PROBLEM DESCRIPTION: Which lines in the data below contain the word "Flush"? Return each of them.

[Items from a data source]
★ ★ ★

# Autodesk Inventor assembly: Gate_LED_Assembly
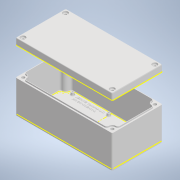
[picture p0: Inventor's stored thumbnail of the model, 180x180]
Saved by Autodesk Inventor 2021 (Build 250183000, 183)
## iProperties
Created: 2021-04-06
Part Number: Gate_LED_Assembly
Document SubType Name: Assembly
Designer: James
Author: James
## Documents named in this file (3)
- C:\Users\james\Dev\homeprojects\Electronics\XC-0001-Gate_LEDs Rev 3\3D Model\Gate_LED_Assembly.iam
- C:\Users\james\Dev\homeprojects\Electronics\XC-0001-Gate_LEDs Rev 3\3D Model\CustomBox_Rev3a.ipt
- C:\Users\james\Dev\homeprojects\Electronics\XC-0001-Gate_LEDs Rev 3\3D Model\CustomLid_Rev3a.ipt
## Components (2 placed, 2 different names)
1. CustomBox_Rev3a:1
2. CustomLid_Rev3a:1 — Flush:1
## Relationships (1: Flush 1)
- Flush:1: CustomLid_Rev3a:1

★ ★ ★

OUTPUT FOR THIS TASK:
2. CustomLid_Rev3a:1 — Flush:1
## Relationships (1: Flush 1)
- Flush:1: CustomLid_Rev3a:1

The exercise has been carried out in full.